# REQUIRED WORK
Print out the data below in full and exactly, skipping the pictures.

----

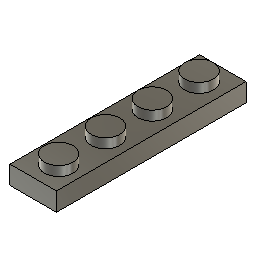
R4xC1xT3_1 (Autodesk Fusion 360 design; units mm, degrees)
Autodesk Fusion 360 part; units mm, degrees
sketch "Sketch1" plane through (0, 0, 0) normal (0, 0, 1) x (1, 0, 0)
  line L0 (0, 0) -> (7.8, 0)
  line L1 (7.8, 0) -> (7.8, 31.8)
  line L2 (7.8, 31.8) -> (0, 31.8)
  line L3 (0, 31.8) -> (0, 0)
  dimension "d1" = 7.8
  dimension "d2" = 31.8
  constraint horizontal L0
  constraint vertical L1
  constraint horizontal L2
  constraint vertical L3
  constraint coincident L0.start L3.end
  measures "d1" distance of L1.end L2.end
  measures "d2" distance of L0.end L1.end
extrude "Extrude1" add sketch "Sketch1" along normal blind 3.1
sketch "Sketch2" plane through (0, 0, 0) normal (0, 0, -1) x (1, 0, 0)
  line L0 (0, 0) -> (0, -31.8)
  line L1 (0, -31.8) -> (7.8, -31.8)
  line L2 (7.8, -31.8) -> (7.8, 0)
  line L3 (7.8, 0) -> (0, 0)
  line L4 (1.4, -1.4) -> (6.4, -1.4)
  line L5 (6.4, -1.4) -> (6.4, -30.4)
  line L6 (6.4, -30.4) -> (1.4, -30.4)
  line L7 (1.4, -30.4) -> (1.4, -1.4)
  dimension "d5" = 1.4
  dimension "d6" = 1.4
  dimension "d7" = 1.4
  dimension "d8" = 1.4
  constraint horizontal L4
  constraint vertical L5
  constraint horizontal L6
  constraint vertical L7
  measures "d5" distance of L0 L7
  measures "d6" distance of L3 L4
  measures "d7" distance of L1 L6
  measures "d8" distance of L2 L5
extrude "Extrude2" cut sketch "Sketch2" against normal blind 2 contours L4 L5 L6 L7
sketch "Sketch3" plane through (0, 0, 3.1) normal (0, 0, 1) x (-1, 0, 0)
  line L0 (0, -31.8) -> (0, 0)
  line L1 (0, 0) -> (-7.8, 0)
  line L2 (-7.8, 0) -> (-7.8, -31.8)
  line L3 (-7.8, -31.8) -> (0, -31.8)
  circle A0 centre (-3.9, -27.825) radius 2.4
  circle A1 centre (-3.997, -19.875) radius 2.4
  circle A2 centre (-4.0941, -11.925) radius 2.4
  circle A3 centre (-4.1911, -3.975) radius 2.4
  dimension "d11" = 4.8
  dimension "d12" = 4.8
  dimension "d13" = 4.8
  dimension "d14" = 4.8
  dimension "d15" = 3.9
  dimension "d16" = 7.95
  dimension "d17" = 7.95
  dimension "d18" = 7.95
  dimension "d19" = 3.975
  constraint collinear A0.centre A1.centre A2.centre
  constraint collinear A0.centre A1.centre A3.centre
  measures "d11" diameter of A0
  measures "d12" diameter of A1
  measures "d13" diameter of A2
  measures "d14" diameter of A3
  measures "d15" distance of L0 A0.centre
  measures "d16" vertical distance of A2.centre A3.centre
  measures "d17" vertical distance of A1.centre A2.centre
  measures "d18" vertical distance of A0.centre A1.centre
  measures "d19" distance of L1 A3.centre
extrude "Extrude3" add sketch "Sketch3" along normal blind 1.6 contours A0 | A1 | A2 | A3
sketch "Sketch4" plane through (0, 0, 2) normal (0, 0, -1) x (1, 0, 0)
  line L0 (1.4, -30.4) -> (6.4, -30.4)
  line L1 (6.4, -30.4) -> (6.4, -1.4)
  line L2 (6.4, -1.4) -> (1.4, -1.4)
  line L3 (1.4, -1.4) -> (1.4, -30.4)
  circle A0 centre (3.9, -7.95) radius 1.45
  circle A1 centre (3.9, -15.9) radius 1.45
  circle A2 centre (3.9, -23.85) radius 1.45
  circle A3 centre (3.9, -7.95) radius 0.75
  circle A4 centre (3.9, -15.9) radius 0.75
  circle A5 centre (3.9, -23.85) radius 0.75
  dimension "d22" = 2.9
  dimension "d23" = 2.9
  dimension "d24" = 2.9
  dimension "d28" = 7.95
  dimension "d29" = 7.95
  dimension "d30" = 7.95
  dimension "d31" = 3.9
  dimension "d32" = 1.5
  dimension "d33" = 1.5
  dimension "d34" = 1.5
  constraint collinear A0.centre A1.centre A2.centre
  constraint concentric A0 A3
  constraint concentric A1 A4
  constraint concentric A2 A5
  measures "d22" diameter of A0
  measures "d23" diameter of A1
  measures "d24" diameter of A2
  measures "d28" vertical distance of A0.centre origin
  measures "d29" distance of A0.centre A1.centre
  measures "d30" distance of A1.centre A2.centre
  measures "d31" horizontal distance of A0.centre origin
  measures "d32" diameter of A3
  measures "d33" diameter of A4
  measures "d34" diameter of A5
extrude "Extrude4" add sketch "Sketch4" along normal blind 2 contours A0 | A1 | A2

----

# ANSWER SPACE
R4xC1xT3_1 (Autodesk Fusion 360 design; units mm, degrees)
Autodesk Fusion 360 part; units mm, degrees
sketch "Sketch1" plane through (0, 0, 0) normal (0, 0, 1) x (1, 0, 0)
  line L0 (0, 0) -> (7.8, 0)
  line L1 (7.8, 0) -> (7.8, 31.8)
  line L2 (7.8, 31.8) -> (0, 31.8)
  line L3 (0, 31.8) -> (0, 0)
  dimension "d1" = 7.8
  dimension "d2" = 31.8
  constraint horizontal L0
  constraint vertical L1
  constraint horizontal L2
  constraint vertical L3
  constraint coincident L0.start L3.end
  measures "d1" distance of L1.end L2.end
  measures "d2" distance of L0.end L1.end
extrude "Extrude1" add sketch "Sketch1" along normal blind 3.1
sketch "Sketch2" plane through (0, 0, 0) normal (0, 0, -1) x (1, 0, 0)
  line L0 (0, 0) -> (0, -31.8)
  line L1 (0, -31.8) -> (7.8, -31.8)
  line L2 (7.8, -31.8) -> (7.8, 0)
  line L3 (7.8, 0) -> (0, 0)
  line L4 (1.4, -1.4) -> (6.4, -1.4)
  line L5 (6.4, -1.4) -> (6.4, -30.4)
  line L6 (6.4, -30.4) -> (1.4, -30.4)
  line L7 (1.4, -30.4) -> (1.4, -1.4)
  dimension "d5" = 1.4
  dimension "d6" = 1.4
  dimension "d7" = 1.4
  dimension "d8" = 1.4
  constraint horizontal L4
  constraint vertical L5
  constraint horizontal L6
  constraint vertical L7
  measures "d5" distance of L0 L7
  measures "d6" distance of L3 L4
  measures "d7" distance of L1 L6
  measures "d8" distance of L2 L5
extrude "Extrude2" cut sketch "Sketch2" against normal blind 2 contours L4 L5 L6 L7
sketch "Sketch3" plane through (0, 0, 3.1) normal (0, 0, 1) x (-1, 0, 0)
  line L0 (0, -31.8) -> (0, 0)
  line L1 (0, 0) -> (-7.8, 0)
  line L2 (-7.8, 0) -> (-7.8, -31.8)
  line L3 (-7.8, -31.8) -> (0, -31.8)
  circle A0 centre (-3.9, -27.825) radius 2.4
  circle A1 centre (-3.997, -19.875) radius 2.4
  circle A2 centre (-4.0941, -11.925) radius 2.4
  circle A3 centre (-4.1911, -3.975) radius 2.4
  dimension "d11" = 4.8
  dimension "d12" = 4.8
  dimension "d13" = 4.8
  dimension "d14" = 4.8
  dimension "d15" = 3.9
  dimension "d16" = 7.95
  dimension "d17" = 7.95
  dimension "d18" = 7.95
  dimension "d19" = 3.975
  constraint collinear A0.centre A1.centre A2.centre
  constraint collinear A0.centre A1.centre A3.centre
  measures "d11" diameter of A0
  measures "d12" diameter of A1
  measures "d13" diameter of A2
  measures "d14" diameter of A3
  measures "d15" distance of L0 A0.centre
  measures "d16" vertical distance of A2.centre A3.centre
  measures "d17" vertical distance of A1.centre A2.centre
  measures "d18" vertical distance of A0.centre A1.centre
  measures "d19" distance of L1 A3.centre
extrude "Extrude3" add sketch "Sketch3" along normal blind 1.6 contours A0 | A1 | A2 | A3
sketch "Sketch4" plane through (0, 0, 2) normal (0, 0, -1) x (1, 0, 0)
  line L0 (1.4, -30.4) -> (6.4, -30.4)
  line L1 (6.4, -30.4) -> (6.4, -1.4)
  line L2 (6.4, -1.4) -> (1.4, -1.4)
  line L3 (1.4, -1.4) -> (1.4, -30.4)
  circle A0 centre (3.9, -7.95) radius 1.45
  circle A1 centre (3.9, -15.9) radius 1.45
  circle A2 centre (3.9, -23.85) radius 1.45
  circle A3 centre (3.9, -7.95) radius 0.75
  circle A4 centre (3.9, -15.9) radius 0.75
  circle A5 centre (3.9, -23.85) radius 0.75
  dimension "d22" = 2.9
  dimension "d23" = 2.9
  dimension "d24" = 2.9
  dimension "d28" = 7.95
  dimension "d29" = 7.95
  dimension "d30" = 7.95
  dimension "d31" = 3.9
  dimension "d32" = 1.5
  dimension "d33" = 1.5
  dimension "d34" = 1.5
  constraint collinear A0.centre A1.centre A2.centre
  constraint concentric A0 A3
  constraint concentric A1 A4
  constraint concentric A2 A5
  measures "d22" diameter of A0
  measures "d23" diameter of A1
  measures "d24" diameter of A2
  measures "d28" vertical distance of A0.centre origin
  measures "d29" distance of A0.centre A1.centre
  measures "d30" distance of A1.centre A2.centre
  measures "d31" horizontal distance of A0.centre origin
  measures "d32" diameter of A3
  measures "d33" diameter of A4
  measures "d34" diameter of A5
extrude "Extrude4" add sketch "Sketch4" along normal blind 2 contours A0 | A1 | A2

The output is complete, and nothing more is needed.